Un vrai gars de chez nous, il est en même temps d'un cosmopolitisme accompli et doué pour les langues étrangères.

Tout chez cet homme de contraste est disproportionné, y compris sa mémoire d'éléphant: il oublie rarement un lieu, un nom, une date, une lecture qu'il ait faite.

Certains regardent de haut, et font l'erreur de sous-estimer ce politicien de terrain, proche des gens et qui pratique une politique traditionnelle sans avoir la prétention de la réinventer. Mais Denis Coderre est aussi un homme de contenu qui sait fort bien maîtriser les questions complexes. Combien de fois un parlementaire ou un fonctionnaire m'a dit: «Je croyais qu'il allait faire un fou de lui, mais non, il a maîtrisé la situation, à l'étonnement de tous.»

Cela dit, ce meneur d'hommes à l'égo démesuré a aussi ses défauts (nous en avons tous). Il faut les lui rappeler, en toute amitié, pour qu'il cherche à les corriger au moment où l'avenir de Montréal lui est confié.

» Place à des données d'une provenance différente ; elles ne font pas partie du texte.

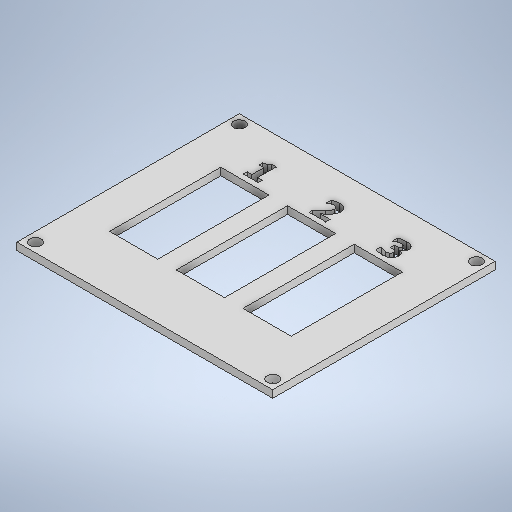
# Autodesk Inventor part: panel_switches
Saved by Autodesk Inventor 2025 (Build 290162000, 162)
## iProperties
Created: 2025-01-22
Part Number: panel_switches
Material: Generic
Document SubType Name: Modeling
Designer: danielrachi
Density: 1 g/cm^3
Appearance: Default
Author: danielrachi
Autodesk Inventor part; units mm, degrees
ref_plane "YZ Plane" through (0, 0, 0) normal (1, 0, 0) x (0, 1, 0)
ref_plane "XZ Plane" through (0, 0, 0) normal (0, 1, 0) x (-1, 0, 0)
sketch "Sketch1" plane through (0, 0, 0) normal (0, 1, 0) x (-1, 0, 0)
  line L0 (-34.5, 30) -> (34.5, 30)
  line L1 (34.5, 30) -> (34.5, -30)
  line L2 (34.5, -30) -> (-34.5, -30)
  line L3 (-34.5, -30) -> (-34.5, 30)
  line L4 (-34.5, 30) -> (34.5, -30) construction
  line L5 (34.5, 30) -> (-34.5, -30) construction
  point P0 (0, 0)
  dimension "d0" = 69
  dimension "d1" = 60
  constraints: 12 end point, 2 midpoint, 2 parallel, 1 horizontal, 1 perpendicular
  measures "d0" distance of L1.end L2.end
  measures "d1" distance of L0.end L1.end
extrude "Extrusion1" add sketch "Sketch1" along normal blind 2
sketch "Sketch2" plane through (0, 2, 0) normal (0, 1, 0) x (1, 0, 0)
  line L0 (6.5, -15) -> (-6.5, -15)
  line L1 (-6.5, -15) -> (-6.5, 15)
  line L2 (-6.5, 15) -> (6.5, 15)
  line L3 (6.5, 15) -> (6.5, -15)
  line L4 (6.5, -15) -> (-6.5, 15) construction
  line L5 (-6.5, -15) -> (6.5, 15) construction
  line L6 (-24.5, -15) -> (-11.5, -15)
  line L7 (-11.5, -15) -> (-11.5, 15)
  line L8 (-11.5, 15) -> (-24.5, 15)
  line L9 (-24.5, 15) -> (-24.5, -15)
  line L10 (-24.5, -15) -> (-11.5, 15) construction
  line L11 (-11.5, -15) -> (-24.5, 15) construction
  line L12 (-24.5, 23) -> (-11.5, 23) construction
  line L13 (-11.5, 23) -> (-11.5, 16) construction
  line L14 (-11.5, 16) -> (-24.5, 16) construction
  line L15 (-24.5, 16) -> (-24.5, 23) construction
  line L16 (-6.5, 23) -> (6.5, 23) construction
  line L17 (6.5, 23) -> (6.5, 16) construction
  line L18 (6.5, 16) -> (-6.5, 16) construction
  line L19 (-6.5, 16) -> (-6.5, 23) construction
  line L20 (11.5, -15) -> (24.5, -15)
  line L21 (24.5, -15) -> (24.5, 15)
  line L22 (24.5, 15) -> (11.5, 15)
  line L23 (11.5, 15) -> (11.5, -15)
  line L24 (11.5, -15) -> (24.5, 15) construction
  line L25 (24.5, -15) -> (11.5, 15) construction
  line L26 (11.5, 23) -> (24.5, 23) construction
  line L27 (24.5, 23) -> (24.5, 16) construction
  line L28 (24.5, 16) -> (11.5, 16) construction
  line L29 (11.5, 16) -> (11.5, 23) construction
  circle A0 centre (32, -27.5) radius 1.55
  line L30 (-34.5, -30) -> (34.5, -30) projected
  line L31 (34.5, -30) -> (34.5, 30) projected
  circle A1 centre (32, 27.5) radius 1.55
  circle A2 centre (-32, 27.5) radius 1.55
  circle A3 centre (-32, -27.5) radius 1.55
  line L32 (34.5, 30) -> (-34.5, 30) projected
  line L33 (-34.5, 30) -> (-34.5, -30) projected
  line L34 (-15.8423, 16.4426) -> (-19.871, 16.4426)
  line L35 (-19.871, 16.4426) -> (-19.871, 17.5054)
  line L36 (-19.871, 17.5054) -> (-18.5858, 17.5054)
  line L37 (-18.5858, 17.5054) -> (-18.5858, 20.7333)
  line L38 (-18.5858, 20.7333) -> (-19.871, 20.7333)
  line L39 (-19.871, 20.7333) -> (-19.871, 21.7269)
  spline S0 degree 2 poles (-19.871, 21.7269) (-19.5893, 21.7269) (-19.0307, 21.8011) (-18.8626, 21.8802) knots 0 0 0 1 2 2 2
  spline S1 degree 2 poles (-18.8626, 21.8802) (-18.6698, 21.9791) (-18.4523, 22.3103) (-18.4325, 22.5574) knots 0 0 0 1 2 2 2
  line L40 (-18.4325, 22.5574) -> (-17.0979, 22.5574)
  line L41 (-17.0979, 22.5574) -> (-17.0979, 17.5054)
  line L42 (-17.0979, 17.5054) -> (-15.8423, 17.5054)
  line L43 (-15.8423, 17.5054) -> (-15.8423, 16.4426)
  line L44 (2.4296, 16.3907) -> (-2.0539, 16.3907)
  line L45 (-2.0539, 16.3907) -> (-2.0539, 17.3843)
  spline S2 degree 2 poles (-2.0539, 17.3843) (-1.4855, 17.8391) (-0.5759, 18.6399) (-0.2348, 19.0007) knots 0 0 0 1 2 2 2
  spline S3 degree 2 poles (-0.2348, 19.0007) (0.215, 19.4703) (0.6154, 20.1871) (0.6154, 20.5628) knots 0 0 0 1 2 2 2
  spline S4 degree 2 poles (0.6154, 20.5628) (0.6154, 20.9879) (0.1063, 21.4427) (-0.3485, 21.4427) knots 0 0 0 1 2 2 2
  spline S5 degree 2 poles (-0.3485, 21.4427) (-0.5808, 21.4427) (-0.9961, 21.329) (-1.2086, 21.24) knots 0 0 0 1 2 2 2
  spline S6 degree 2 poles (-1.2086, 21.24) (-1.4162, 21.1461) (-1.7128, 20.9484) (-1.787, 20.8989) knots 0 0 0 1 2 2 2
  line L46 (-1.787, 20.8989) -> (-1.9056, 20.8989)
  line L47 (-1.9056, 20.8989) -> (-1.9056, 22.2287)
  spline S7 degree 2 poles (-1.9056, 22.2287) (-1.6486, 22.3523) (-0.5512, 22.6093) (-0.042, 22.6093) knots 0 0 0 1 2 2 2
  spline S8 degree 2 poles (-0.042, 22.6093) (1.0455, 22.6093) (2.1627, 21.6404) (2.1627, 20.7655) knots 0 0 0 1 2 2 2
  spline S9 degree 2 poles (2.1627, 20.7655) (2.1627, 20.2267) (1.6535, 19.1886) (1.0653, 18.5954) knots 0 0 0 1 2 2 2
  spline S10 degree 2 poles (1.0653, 18.5954) (0.6945, 18.2296) (-0.0025, 17.6611) (-0.1557, 17.5425) knots 0 0 0 1 2 2 2
  line L48 (-0.1557, 17.5425) -> (2.4296, 17.5425)
  line L49 (2.4296, 17.5425) -> (2.4296, 16.3907)
  spline S11 degree 2 poles (20.2764, 18.2988) (20.2764, 17.8489) (19.9452, 17.1124) (19.6239, 16.8553) knots 0 0 0 1 2 2 2
  spline S12 degree 2 poles (19.6239, 16.8553) (19.3026, 16.5983) (18.4276, 16.3215) (17.7998, 16.3215) knots 0 0 0 1 2 2 2
  spline S13 degree 2 poles (17.7998, 16.3215) (17.088, 16.3215) (16.0697, 16.5588) (15.7483, 16.7071) knots 0 0 0 1 2 2 2
  line L50 (15.7483, 16.7071) -> (15.7483, 18.0318)
  line L51 (15.7483, 18.0318) -> (15.8966, 18.0318)
  spline S14 degree 2 poles (15.8966, 18.0318) (16.2328, 17.8193) (17.1374, 17.5029) (17.5131, 17.5029) knots 0 0 0 1 2 2 2
  spline S15 degree 2 poles (17.5131, 17.5029) (17.7355, 17.5029) (18.2546, 17.582) (18.4325, 17.7105) knots 0 0 0 1 2 2 2
  spline S16 degree 2 poles (18.4325, 17.7105) (18.5709, 17.8143) (18.739, 18.1159) (18.739, 18.3878) knots 0 0 0 1 2 2 2
  spline S17 degree 2 poles (18.739, 18.3878) (18.739, 18.6596) (18.5017, 18.9513) (18.304, 19.0205) knots 0 0 0 1 2 2 2
  spline S18 degree 2 poles (18.304, 19.0205) (18.1063, 19.0897) (17.5576, 19.1045) (17.345, 19.1045) knots 0 0 0 1 2 2 2
  line L52 (17.345, 19.1045) -> (17.083, 19.1045)
  line L53 (17.083, 19.1045) -> (17.083, 20.1772)
  line L54 (17.083, 20.1772) -> (17.3252, 20.1772)
  spline S19 degree 2 poles (17.3252, 20.1772) (17.6021, 20.1772) (18.0717, 20.2267) (18.2348, 20.3008) knots 0 0 0 1 2 2 2
  spline S20 degree 2 poles (18.2348, 20.3008) (18.3979, 20.3799) (18.5808, 20.6567) (18.5808, 20.894) knots 0 0 0 1 2 2 2
  spline S21 degree 2 poles (18.5808, 20.894) (18.5808, 21.0818) (18.4078, 21.3142) (18.2842, 21.3784) knots 0 0 0 1 2 2 2
  spline S22 degree 2 poles (18.2842, 21.3784) (18.1359, 21.4526) (17.7405, 21.502) (17.6021, 21.502) knots 0 0 0 1 2 2 2
  spline S23 degree 2 poles (17.6021, 21.502) (17.3796, 21.502) (16.91, 21.3982) (16.6925, 21.3142) knots 0 0 0 1 2 2 2
  spline S24 degree 2 poles (16.6925, 21.3142) (16.5195, 21.2499) (16.1438, 21.0423) (16.0548, 20.9879) knots 0 0 0 1 2 2 2
  line L55 (16.0548, 20.9879) -> (15.9263, 20.9879)
  line L56 (15.9263, 20.9879) -> (15.9263, 22.2929)
  spline S25 degree 2 poles (15.9263, 22.2929) (16.2427, 22.4264) (17.3104, 22.6785) (17.869, 22.6785) knots 0 0 0 1 2 2 2
  spline S26 degree 2 poles (17.869, 22.6785) (18.4128, 22.6785) (19.2136, 22.4907) (19.4953, 22.3078) knots 0 0 0 1 2 2 2
  spline S27 degree 2 poles (19.4953, 22.3078) (19.8068, 22.115) (20.1182, 21.5218) (20.1182, 21.1511) knots 0 0 0 1 2 2 2
  spline S28 degree 2 poles (20.1182, 21.1511) (20.1182, 20.6271) (19.5151, 19.846) (19.0208, 19.7323) knots 0 0 0 1 2 2 2
  line L57 (19.0208, 19.7323) -> (19.0208, 19.673)
  spline S29 degree 2 poles (19.0208, 19.673) (19.2383, 19.6434) (19.6535, 19.4852) (19.8513, 19.3072) knots 0 0 0 1 2 2 2
  spline S30 degree 2 poles (19.8513, 19.3072) (20.0342, 19.149) (20.2764, 18.6448) (20.2764, 18.2988) knots 0 0 0 1 2 2 2
  point P0 (0, 0)
  point P1 (-18, 0)
  point P2 (18, 0)
  dimension "d4" = 13
  dimension "d5" = 30
  dimension "d8" = 5
  dimension "d9" = 1
  dimension "d10" = 8
  dimension "d13" = 5
  dimension "d15" = 3.1
  dimension "d16" = 2.5
  dimension "d17" = 2.5
  dimension "d18" = 2.5
  dimension "d19" = 2.5
  constraints: 36 end point, 12 collinear, 6 midpoint, 6 parallel, 4 centre point, 4 equal length, 3 equal radius, 3 horizontal, 3 perpendicular, 2 horizontal alignment, 2 vertical alignment, 6 other
  measures "d4" distance of L1.end L2.end
  measures "d5" distance of L0.end L1.end
  measures "d8" distance between parallel lines of L7 L1
  measures "d9" distance between parallel lines of L14 L8
  measures "d10" distance between parallel lines of L12 L8
  measures "d13" distance between parallel lines of L23 L3
  measures "d15" diameter of A0
  measures "d16" distance from line of A0.centre L30
  measures "d17" distance from line of A0.centre L31
  measures "d18" distance from line of A2.centre L32
  measures "d19" distance from line of A2.centre L33
extrude "Extrusion2" cut sketch "Sketch2" against normal blind 2 contours L0 L1 L2 L3 | L9 L8 L7 L6 | L23 L22 L21 L20 | A0 | A1 | A2 | A3 | L34 L35 L36 L37 L38 L39 S0 S1 L40 L41 L42 L43 | L44 L45 S2 S3 S4 S5 S6 L46 L47 S7 S8 S9 S10 L48 L49 | S11 S12 S13 L50 L51 S14 S15 S16 S17 S18 L52 L53 L54 S19 S20 S21 S22 S23 S24 L55 L56 S25 S26 S27 S28 L57 S29 S30
ref_plane "Work Plane2" through (0, 0, 30) normal (1, 0, 0) x (0, 0, -1)
equation "\"d4\" = switch_len_at_clip"
equation "\"d5\" = switch_width_at_clip"
equation "\"switch_len_at_clip\" = 13"
equation "\"switch_width_at_clip\" = 30"
equation "\"pannel_height\" = 1"
body "Solid1"

La colère est rarement bonne conseillère, mais il y cède parfois, ce qui peut lui faire commettre des erreurs. Son caractère entier peut lui valoir inutilement des inimitiés. Son tour venu de parler lors de réunions, je l'ai entendu plus d'une fois tonner: «Bon... là on va se dire les vraies affaires», insultant du coup toutes les personnes qui s'étaient exprimées avant lui.

Ce solide capitaine, qui sait tenir le gouvernail dans les eaux démontées, n'a pas encore démontré qu'il savait ramer à contre-courant quand c'est nécessaire pour éviter le naufrage. Hyperprudent, il confond parfois le «sens du terrain» avec le refus de remettre en cause l'ordre des choses. Il aura assez de fermeté pour purger l'administration et exercer une pression sur les gouvernements supérieurs, mais aura-t-il assez d'audace et d'imagination pour repenser l'urbanisme de Montréal?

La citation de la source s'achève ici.